Jewels in Her Crown: Treasures of Columbia University Libraries Special Collections

Exhibition Themes > Philanthropy, Social Services, Human Rights > 81. Lillian D. Wald

81.  Lillian D. Wald (1867-1940).  The House on Henry Street. Autograph manuscript, ca. 1915. RBML, Lillian Wald Papers

One of the most influential and respected social reformers of the 20th century, Lillian D. Wald (1867-1940) founded the Henry Street Settlement in 1893. She focused her energy on improving the health and hygiene of immigrant women on the impoverished Lower East Side. Wald devoted herself to the community full-time and within a decade the Settlement included a team of twenty nurses offering an astonishing array of innovative and effective social, recreational and educational services.

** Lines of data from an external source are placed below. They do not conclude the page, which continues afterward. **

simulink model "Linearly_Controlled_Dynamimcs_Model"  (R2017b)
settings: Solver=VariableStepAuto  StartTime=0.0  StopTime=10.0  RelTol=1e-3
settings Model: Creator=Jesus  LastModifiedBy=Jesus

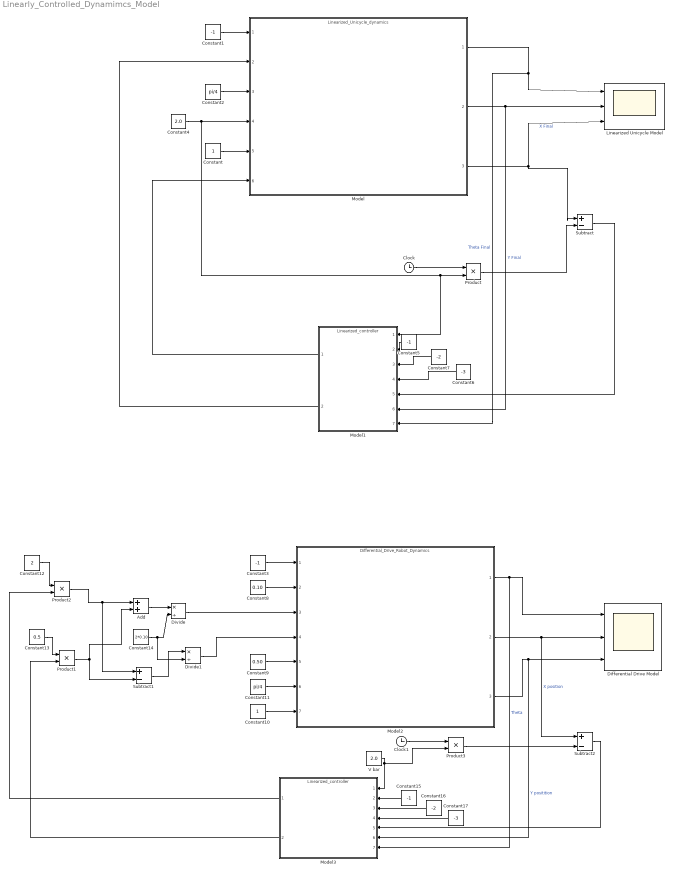
== system Linearly_Controlled_Dynamimcs_Model ==
  Add : Sum
  Clock : Clock
  Clock1 : Clock
  Constant : Constant
  Constant{1,3,5,15} (4 alike) : Constant  Value=-1
  Constant10 : Constant
  Constant11 : Constant  Value=pi/4
  Constant12 : Constant  Value=2
  Constant13 : Constant  Value=0.5
  Constant14 : Constant  Value=2*0.10
  Constant16 : Constant  Value=-2
  Constant17 : Constant  Value=-3
  Constant2 : Constant  Value=pi/4
  Constant4 : Constant  Value=2.0
  Constant6 : Constant  Value=-3
  Constant7 : Constant  Value=-2
  Constant8 : Constant  Value=0.10
  Constant9 : Constant  Value=0.50
  "Differential Drive Model " : Scope  NumInputPorts=3
  Divide : Product  Inputs=*/
  Divide1 : Product  Inputs=*/
  "Linearized Unicycle Model " : Scope  NumInputPorts=3
  Model : ModelReference  ModelNameDialog=Linearized_Unicycle_dynamics.slx  SimulationMode=Normal  ModelReferenceVersion=1.1
  Model1 : ModelReference  ModelNameDialog=Linearized_controller.slx  SimulationMode=Normal  ModelReferenceVersion=1.1
  Model2 : ModelReference  ModelNameDialog=Differential_Drive_Robot_Dynamics.slx  SimulationMode=Normal  ModelReferenceVersion=1.3
  Model3 : ModelReference  ModelNameDialog=Linearized_controller.slx  SimulationMode=Normal  ModelReferenceVersion=1.1
  Product{,1..3} (4 alike) : Product
  Subtract : Sum  Inputs=+-
  Subtract1 : Sum  Inputs=+-
  Subtract2 : Sum  Inputs=+-
  "V bar " : Constant  Value=2.0
  wires:
  Constant2/1 -> Model/3
  Constant1/1 -> Model/1
  Constant/1 -> Model/5
  Model/3 -> Subtract/1, "Linearized Unicycle Model "/3  "X Final"
  Model/2 -> Model1/6, "Linearized Unicycle Model "/2  "Y Final"
  Model/1 -> "Linearized Unicycle Model "/1, Model1/7  "Theta Final"
  Constant4/1 -> Model1/1, Product/2, Model/4
  Clock/1 -> Product/1
  Product/1 -> Subtract/2
  Subtract/1 -> Model1/5
  Constant5/1 -> Model1/2
  Constant7/1 -> Model1/3
  Constant6/1 -> Model1/4
  Model1/1 -> Model/6
  Model1/2 -> Model/2
  Constant11/1 -> Model2/6
  Constant3/1 -> Model2/1
  Model2/3 -> Model3/6, "Differential Drive Model "/3  "Y positition"
  Constant8/1 -> Model2/2
  Model3/2 -> Product1/2
  Constant13/1 -> Product1/1
  Product1/1 -> Add/2, Subtract1/2
  Constant9/1 -> Model2/5
  Add/1 -> Divide/1
  Model2/2 -> Subtract2/1, "Differential Drive Model "/2  "X position"
  Model2/1 -> Model3/7, "Differential Drive Model "/1  "Theta"
  Constant10/1 -> Model2/7
  Subtract1/1 -> Divide1/1
  Constant14/1 -> Divide1/2, Divide/2
  Divide1/1 -> Model2/4
  Divide/1 -> Model2/3
  Product2/1 -> Subtract1/1, Add/1
  Constant12/1 -> Product2/1
  Model3/1 -> Product2/2
  "V bar "/1 -> Product3/2, Model3/1
  Constant15/1 -> Model3/2
  Constant16/1 -> Model3/3
  Constant17/1 -> Model3/4
  Clock1/1 -> Product3/1
  Product3/1 -> Subtract2/2
  Subtract2/1 -> Model3/5
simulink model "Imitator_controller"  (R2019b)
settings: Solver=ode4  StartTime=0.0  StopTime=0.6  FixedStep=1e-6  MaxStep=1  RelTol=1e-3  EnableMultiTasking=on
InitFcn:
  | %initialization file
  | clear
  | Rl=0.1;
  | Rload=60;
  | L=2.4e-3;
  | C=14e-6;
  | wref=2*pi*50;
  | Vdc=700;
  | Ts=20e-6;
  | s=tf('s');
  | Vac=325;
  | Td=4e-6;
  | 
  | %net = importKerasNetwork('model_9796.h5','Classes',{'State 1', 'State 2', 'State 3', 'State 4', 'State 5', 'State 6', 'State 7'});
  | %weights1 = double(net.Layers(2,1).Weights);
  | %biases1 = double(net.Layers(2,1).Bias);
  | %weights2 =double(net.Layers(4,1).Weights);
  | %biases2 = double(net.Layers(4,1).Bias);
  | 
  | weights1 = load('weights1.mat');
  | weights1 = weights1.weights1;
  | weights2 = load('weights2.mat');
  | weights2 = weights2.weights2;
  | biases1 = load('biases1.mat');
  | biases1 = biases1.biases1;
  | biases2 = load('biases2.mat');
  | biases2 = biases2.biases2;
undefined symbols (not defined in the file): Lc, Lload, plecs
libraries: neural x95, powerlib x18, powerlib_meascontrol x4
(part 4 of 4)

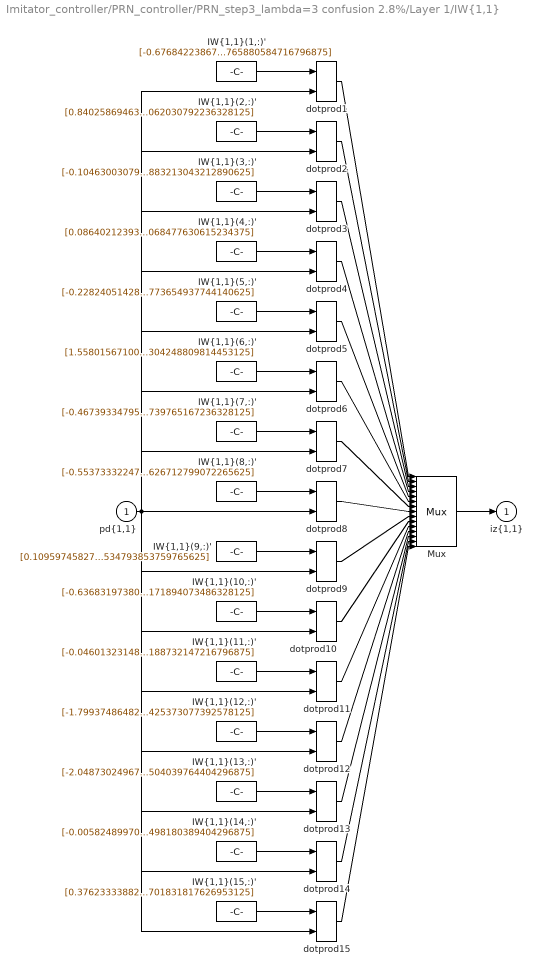
== system Imitator_controller/PRN_controller/PRN_step3_lambda=3 confusion 2.8%/Layer 1/IW{1,1} ==
  "pd{1,1}" : Inport  PortDimensions=8
      mask Display: e = 0.06;c1 = [120 230 180]/255;c2 = ([120 230 180]+0)/(256+128);c3 = ([120 230 180]+128)/(256+128);patch([0 1 1 0],[0 0 1 1],c1);patch([0 1 1 1-e 1-e 0+e],[0 0 1 1-e 0+e 0+e],c2);patch([0 0 1 1-e 0+e 0+e],[0 1 1 1-e 1-e 0+e],c3);plot([0 1 1 0 0],[0 0 1 1 0]);
  "IW{1,1}(1,:)'" : Constant  Value=[-0.676842238677143104297329045948572456836700439453125;-1.9888159175228456998496540109044872224330902099609375;0.73765036780827186735365330605418421328067779541015625;1.71320701226988081344870806788094341754913330078125;0.038398725205589963327401648029990610666573047637939453125;0.04866552570600853055982071282414835877716541290283203125;0.26518608289125467081248643808066844940185546875;-0.19441986416535694814911039429716765880584716796875]
      mask Display: e = 0.06;c1 = [120 150 230]/255;c2 = ([120 150 230]+0)/383;c3 = ([120 150 230]+128)/383;patch([0 1 1 0],[0 0 1 1],c1);patch([0 1 1 1-e 1-e 0+e],[0 0 1 1-e 0+e 0+e],c2);patch([0 0 1 1-e 0+e 0+e],[0 1 1 1-e 1-e 0+e],c3);plot([0 1 1 0 0],[0 0 1 1 0]);disp('Weights');
  "IW{1,1}(10,:)'" : Constant  Value=[-0.63683197380668221665445116741466335952281951904296875;-0.11544459149383486107343088633570005185902118682861328125;-0.36758148612573238178669043918489478528499603271484375;-0.0678774326477270262270025114048621617257595062255859375;-0.046861816789189041088103948595744441263377666473388671875;-0.0058226912142529119176259655432659201323986053466796875;-0.02697450161674534718780904540835763327777385711669921875;1.247120666092144336545288751949556171894073486328125]
      mask Display: e = 0.06;c1 = [120 150 230]/255;c2 = ([120 150 230]+0)/383;c3 = ([120 150 230]+128)/383;patch([0 1 1 0],[0 0 1 1],c1);patch([0 1 1 1-e 1-e 0+e],[0 0 1 1-e 0+e 0+e],c2);patch([0 0 1 1-e 0+e 0+e],[0 1 1 1-e 1-e 0+e],c3);plot([0 1 1 0 0],[0 0 1 1 0]);disp('Weights');
  "IW{1,1}(11,:)'" : Constant  Value=[-0.0460132314806563080811230292965774424374103546142578125;0.01473816958439077250131443719283197424374520778656005859375;0.055555128220495651747423693223026930354535579681396484375;0.049792053782768734560004730838045361451804637908935546875;0.004235491339451513854996722585610768874175846576690673828125;0.003769159624020011235823179873705157660879194736480712890625;-2.82485738553735021838519969605840742588043212890625;-0.01265950989853382828431715978467764216475188732147216796875]
      mask Display: e = 0.06;c1 = [120 150 230]/255;c2 = ([120 150 230]+0)/383;c3 = ([120 150 230]+128)/383;patch([0 1 1 0],[0 0 1 1],c1);patch([0 1 1 1-e 1-e 0+e],[0 0 1 1-e 0+e 0+e],c2);patch([0 0 1 1-e 0+e 0+e],[0 1 1 1-e 1-e 0+e],c3);plot([0 1 1 0 0],[0 0 1 1 0]);disp('Weights');
  "IW{1,1}(12,:)'" : Constant  Value=[-1.7993748648200000861407943375525064766407012939453125;0.1476111476191077909181359473222983069717884063720703125;2.35416836327518108618050973745994269847869873046875;-0.00120452360425208466164492815408948445110581815242767333984375;0.11793391068665191878661602231659344397485256195068359375;0.00113378894210611311406389223321866666083224117755889892578125;1.7721939806664346317433000876917503774166107177734375;-0.268337504582858266122258328323368914425373077392578125]
      mask Display: e = 0.06;c1 = [120 150 230]/255;c2 = ([120 150 230]+0)/383;c3 = ([120 150 230]+128)/383;patch([0 1 1 0],[0 0 1 1],c1);patch([0 1 1 1-e 1-e 0+e],[0 0 1 1-e 0+e 0+e],c2);patch([0 0 1 1-e 0+e 0+e],[0 1 1 1-e 1-e 0+e],c3);plot([0 1 1 0 0],[0 0 1 1 0]);disp('Weights');
  "IW{1,1}(13,:)'" : Constant  Value=[-2.04873024967913952565368163050152361392974853515625;0.1439969197044075333025148211163468658924102783203125;2.577017004086017859521007267176173627376556396484375;0.0318978273732246353500130453539895825088024139404296875;0.11836244796372562271269401890094741247594356536865234375;0.002369781613885219191673048300117443432100117206573486328125;1.8033596226591666056293661313247866928577423095703125;-0.55506848791334906234595791829633526504039764404296875]
      mask Display: e = 0.06;c1 = [120 150 230]/255;c2 = ([120 150 230]+0)/383;c3 = ([120 150 230]+128)/383;patch([0 1 1 0],[0 0 1 1],c1);patch([0 1 1 1-e 1-e 0+e],[0 0 1 1-e 0+e 0+e],c2);patch([0 0 1 1-e 0+e 0+e],[0 1 1 1-e 1-e 0+e],c3);plot([0 1 1 0 0],[0 0 1 1 0]);disp('Weights');
  "IW{1,1}(14,:)'" : Constant  Value=[-0.005824899707417730866654270727167386212386190891265869140625;-0.00300316480099391096281191693151413346640765666961669921875;0.03114520666426491557476907701129675842821598052978515625;0.006670702704397522657397967549286477151326835155487060546875;-0.000317029194644610572660636815811585620394907891750335693359375;-0.0004181329362500792417960127078657706078956834971904754638671875;-4.56994739529403926070472152787260711193084716796875;0.0021206975737620421644524792981201244401745498180389404296875]
      mask Display: e = 0.06;c1 = [120 150 230]/255;c2 = ([120 150 230]+0)/383;c3 = ([120 150 230]+128)/383;patch([0 1 1 0],[0 0 1 1],c1);patch([0 1 1 1-e 1-e 0+e],[0 0 1 1-e 0+e 0+e],c2);patch([0 0 1 1-e 0+e 0+e],[0 1 1 1-e 1-e 0+e],c3);plot([0 1 1 0 0],[0 0 1 1 0]);disp('Weights');
  "IW{1,1}(15,:)'" : Constant  Value=[0.3762333388259329058911362153594382107257843017578125;1.9877672677136974943579161845264025032520294189453125;-0.4572160922242147762517561204731464385986328125;-1.909758831917812482714680299977771937847137451171875;-0.01745565839131461849387250140352989546954631805419921875;-0.07136074826339115773077281801306526176631450653076171875;-1.0942687606048513426770796286291442811489105224609375;0.0170705351700497949540835662673998740501701831817626953125]
      mask Display: e = 0.06;c1 = [120 150 230]/255;c2 = ([120 150 230]+0)/383;c3 = ([120 150 230]+128)/383;patch([0 1 1 0],[0 0 1 1],c1);patch([0 1 1 1-e 1-e 0+e],[0 0 1 1-e 0+e 0+e],c2);patch([0 0 1 1-e 0+e 0+e],[0 1 1 1-e 1-e 0+e],c3);plot([0 1 1 0 0],[0 0 1 1 0]);disp('Weights');
  "IW{1,1}(2,:)'" : Constant  Value=[0.8402586946382888388740184382186271250247955322265625;2.9740480510521773993559691007249057292938232421875;-0.87581495641554429898434364076820202171802520751953125;-2.58606131308167608295889294822700321674346923828125;-0.044568205229961764535229207240263349376618862152099609375;-0.07947286454351652762451152511857799254357814788818359375;-0.41843159002174556970743424244574271142482757568359375;-0.1264744821092489701630512399788131006062030792236328125]
      mask Display: e = 0.06;c1 = [120 150 230]/255;c2 = ([120 150 230]+0)/383;c3 = ([120 150 230]+128)/383;patch([0 1 1 0],[0 0 1 1],c1);patch([0 1 1 1-e 1-e 0+e],[0 0 1 1-e 0+e 0+e],c2);patch([0 0 1 1-e 0+e 0+e],[0 1 1 1-e 1-e 0+e],c3);plot([0 1 1 0 0],[0 0 1 1 0]);disp('Weights');
  "IW{1,1}(3,:)'" : Constant  Value=[-0.10463003079453410404386914933638763613998889923095703125;-0.148811432180895708565770974018960259854793548583984375;0.3554158485937028988388419747934676706790924072265625;0.733725620377389642357002230710349977016448974609375;0.01469423798528121140327673543879427597858011722564697265625;0.04790304967176783890181468450464308261871337890625;0.2803715055990263493868042132817208766937255859375;-0.59524025998255414293680587434209883213043212890625]
      mask Display: e = 0.06;c1 = [120 150 230]/255;c2 = ([120 150 230]+0)/383;c3 = ([120 150 230]+128)/383;patch([0 1 1 0],[0 0 1 1],c1);patch([0 1 1 1-e 1-e 0+e],[0 0 1 1-e 0+e 0+e],c2);patch([0 0 1 1-e 0+e 0+e],[0 1 1 1-e 1-e 0+e],c3);plot([0 1 1 0 0],[0 0 1 1 0]);disp('Weights');
  "IW{1,1}(4,:)'" : Constant  Value=[0.08640212393146283476053071126443683169782161712646484375;-0.332422172544865890397858265714603476226329803466796875;0.134396737678882105537780944359838031232357025146484375;-0.466363177669556983051535326012526638805866241455078125;0.009933573064589286405468016027953126467764377593994140625;-0.03107822960809668300097285964511684142053127288818359375;0.11826162876171357474230916295709903351962566375732421875;-0.6759966479300183461731421630247496068477630615234375]
      mask Display: e = 0.06;c1 = [120 150 230]/255;c2 = ([120 150 230]+0)/383;c3 = ([120 150 230]+128)/383;patch([0 1 1 0],[0 0 1 1],c1);patch([0 1 1 1-e 1-e 0+e],[0 0 1 1-e 0+e 0+e],c2);patch([0 0 1 1-e 0+e 0+e],[0 1 1 1-e 1-e 0+e],c3);plot([0 1 1 0 0],[0 0 1 1 0]);disp('Weights');
  "IW{1,1}(5,:)'" : Constant  Value=[-0.228240514285129869609392017082427628338336944580078125;-0.11942127931433177412401391848106868565082550048828125;-0.5189150642454960493665794274420477449893951416015625;-0.2180770107122695922186039751977659761905670166015625;-0.0435788874720391683492692891377373598515987396240234375;-0.01491340110063483527513827908705934532918035984039306640625;-0.15095191620441905655525260954163968563079833984375;-0.782450803183126541995306979515589773654937744140625]
      mask Display: e = 0.06;c1 = [120 150 230]/255;c2 = ([120 150 230]+0)/383;c3 = ([120 150 230]+128)/383;patch([0 1 1 0],[0 0 1 1],c1);patch([0 1 1 1-e 1-e 0+e],[0 0 1 1-e 0+e 0+e],c2);patch([0 0 1 1-e 0+e 0+e],[0 1 1 1-e 1-e 0+e],c3);plot([0 1 1 0 0],[0 0 1 1 0]);disp('Weights');
  "IW{1,1}(6,:)'" : Constant  Value=[1.558015671008904146077611585496924817562103271484375;-0.1180797300911171909820751579900388605892658233642578125;-1.902660599685177533757496348698623478412628173828125;0.003977377146006866141803026692969069699756801128387451171875;-0.08348369673845212890483935552765615284442901611328125;0.0026863952881113427849368857636136453947983682155609130859375;-1.4000784832777390942482043101335875689983367919921875;0.39625979900872654315691079318639822304248809814453125]
      mask Display: e = 0.06;c1 = [120 150 230]/255;c2 = ([120 150 230]+0)/383;c3 = ([120 150 230]+128)/383;patch([0 1 1 0],[0 0 1 1],c1);patch([0 1 1 1-e 1-e 0+e],[0 0 1 1-e 0+e 0+e],c2);patch([0 0 1 1-e 0+e 0+e],[0 1 1 1-e 1-e 0+e],c3);plot([0 1 1 0 0],[0 0 1 1 0]);disp('Weights');
  "IW{1,1}(7,:)'" : Constant  Value=[-0.46739334795190135007914022935437969863414764404296875;2.178515494617806691479700020863674581050872802734375;0.6448005482874654692437843550578691065311431884765625;-1.9184457260679244061662984677241183817386627197265625;0.0294271182263212312257838476625693147070705890655517578125;-0.0623981982945895630177091106816078536212444305419921875;0.61248428221931672243982802683603949844837188720703125;0.067143770619634779439621752317179925739765167236328125]
      mask Display: e = 0.06;c1 = [120 150 230]/255;c2 = ([120 150 230]+0)/383;c3 = ([120 150 230]+128)/383;patch([0 1 1 0],[0 0 1 1],c1);patch([0 1 1 1-e 1-e 0+e],[0 0 1 1-e 0+e 0+e],c2);patch([0 0 1 1-e 0+e 0+e],[0 1 1 1-e 1-e 0+e],c3);plot([0 1 1 0 0],[0 0 1 1 0]);disp('Weights');
  "IW{1,1}(8,:)'" : Constant  Value=[-0.5537333224702154499397011022665537893772125244140625;2.2076507516497034799840548657812178134918212890625;0.71130173728132450872152503507095389068126678466796875;-1.8325370125449389480110085060005076229572296142578125;0.032513497429587888409852070026317960582673549652099609375;-0.0567763705086160863633182316334568895399570465087890625;0.7079486893093649424457680652267299592494964599609375;-0.195914278192344915030531637967214919626712799072265625]
      mask Display: e = 0.06;c1 = [120 150 230]/255;c2 = ([120 150 230]+0)/383;c3 = ([120 150 230]+128)/383;patch([0 1 1 0],[0 0 1 1],c1);patch([0 1 1 1-e 1-e 0+e],[0 0 1 1-e 0+e 0+e],c2);patch([0 0 1 1-e 0+e 0+e],[0 1 1 1-e 1-e 0+e],c3);plot([0 1 1 0 0],[0 0 1 1 0]);disp('Weights');
  "IW{1,1}(9,:)'" : Constant  Value=[0.10959745827120991046310649608130916021764278411865234375;-0.1151261666569428354645054923821589909493923187255859375;0.238238515218123503291991482910816557705402374267578125;-0.599483509913133705282461960450746119022369384765625;0.0182118939746620071840066401591684552840888500213623046875;-0.040196607461508417069584453429342829622328281402587890625;0.257225616068732787500294989513349719345569610595703125;0.74979559802271344981505762916640378534793853759765625]
      mask Display: e = 0.06;c1 = [120 150 230]/255;c2 = ([120 150 230]+0)/383;c3 = ([120 150 230]+128)/383;patch([0 1 1 0],[0 0 1 1],c1);patch([0 1 1 1-e 1-e 0+e],[0 0 1 1-e 0+e 0+e],c2);patch([0 0 1 1-e 0+e 0+e],[0 1 1 1-e 1-e 0+e],c3);plot([0 1 1 0 0],[0 0 1 1 0]);disp('Weights');
  Mux : Mux  Inputs=15
      mask Display: e = 0.06;c1 = [120 150 230]/255;c2 = ([120 150 230]+0)/383;c3 = ([120 150 230]+128)/383;patch([0 1 1 0],[0 0 1 1],c1);patch([0 1 1 1-e 1-e 0+e],[0 0 1 1-e 0+e 0+e],c2);patch([0 0 1 1-e 0+e 0+e],[0 1 1 1-e 1-e 0+e],c3);plot([0 1 1 0 0],[0 0 1 1 0]);disp('Mux');
  dotprod{1..15} (15 alike) : neural/Weight Functions/dotprod
      settings: SourceProductName=Deep Learning Toolbox
  "iz{1,1}" : Outport  VectorParamsAs1DForOutWhenUnconnected=off
      mask Display: e = 0.06;c1 = [120 230 180]/255;c2 = ([120 230 180]+0)/(256+128);c3 = ([120 230 180]+128)/(256+128);patch([0 1 1 0],[0 0 1 1],c1);patch([0 1 1 1-e 1-e 0+e],[0 0 1 1-e 0+e 0+e],c2);patch([0 0 1 1-e 0+e 0+e],[0 1 1 1-e 1-e 0+e],c3);plot([0 1 1 0 0],[0 0 1 1 0]);
  wires:
  "IW{1,1}(1,:)'"/1 -> dotprod1/1
  "pd{1,1}"/1 -> dotprod1/2, dotprod2/2, dotprod3/2, dotprod4/2, dotprod5/2, dotprod6/2, dotprod7/2, dotprod8/2, dotprod9/2, dotprod10/2, dotprod11/2, dotprod12/2, dotprod13/2, dotprod14/2, dotprod15/2
  dotprod1/1 -> Mux/1
  "IW{1,1}(2,:)'"/1 -> dotprod2/1
  dotprod2/1 -> Mux/2
  "IW{1,1}(3,:)'"/1 -> dotprod3/1
  dotprod3/1 -> Mux/3
  "IW{1,1}(4,:)'"/1 -> dotprod4/1
  dotprod4/1 -> Mux/4
  "IW{1,1}(5,:)'"/1 -> dotprod5/1
  dotprod5/1 -> Mux/5
  "IW{1,1}(6,:)'"/1 -> dotprod6/1
  dotprod6/1 -> Mux/6
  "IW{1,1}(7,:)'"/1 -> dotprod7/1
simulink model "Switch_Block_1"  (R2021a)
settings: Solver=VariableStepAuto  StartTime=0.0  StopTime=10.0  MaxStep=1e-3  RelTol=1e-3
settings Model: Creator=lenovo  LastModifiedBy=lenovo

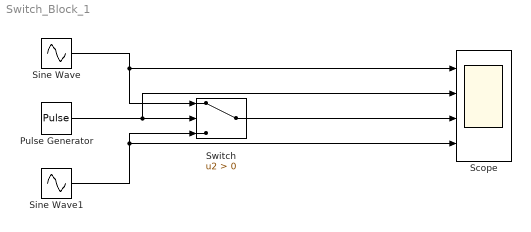
== system Switch_Block_1 ==
  Pulse Generator : DiscretePulseGenerator  PulseType=Time based  Period=1  PulseWidth=50
  Scope : Scope  NumInputPorts=4
  Sine Wave : Sin  SampleTime=0
  Sine Wave1 : Sin  Phase=-pi  SampleTime=0
  Switch : Switch  Criteria=u2 > Threshold
  wires:
  Pulse Generator/1 -> Scope/2, Switch/2
  Sine Wave1/1 -> Scope/4, Switch/3
  Sine Wave/1 -> Switch/1, Scope/1
  Switch/1 -> Scope/3

Wald pioneered public health nursing by placing nurses in public schools and with corporations. She founded the National Organization for Public Health Nursing and Columbia University's School of Nursing, becoming an international crusader for human rights and a labor activist. The Lillian Wald Papers focus on the administration of the Henry Street Settlement that she directed until 1932, and her involvement in numerous philanthropic and progressive causes. Her office files trace the founding and growth of the Settlement from 1895-1933. Other papers detail her activities on behalf of child welfare, civil liberties, immigration, public health, unemployment, the peace movement during World War I. The House on Henry Street • with Illustrations from Etchings and Drawings by Abraham Phillips and from Photographs was published by Henry Holt and Company in 1915. The book became a classic, influencing generations of nursing, sociology, and social welfare students.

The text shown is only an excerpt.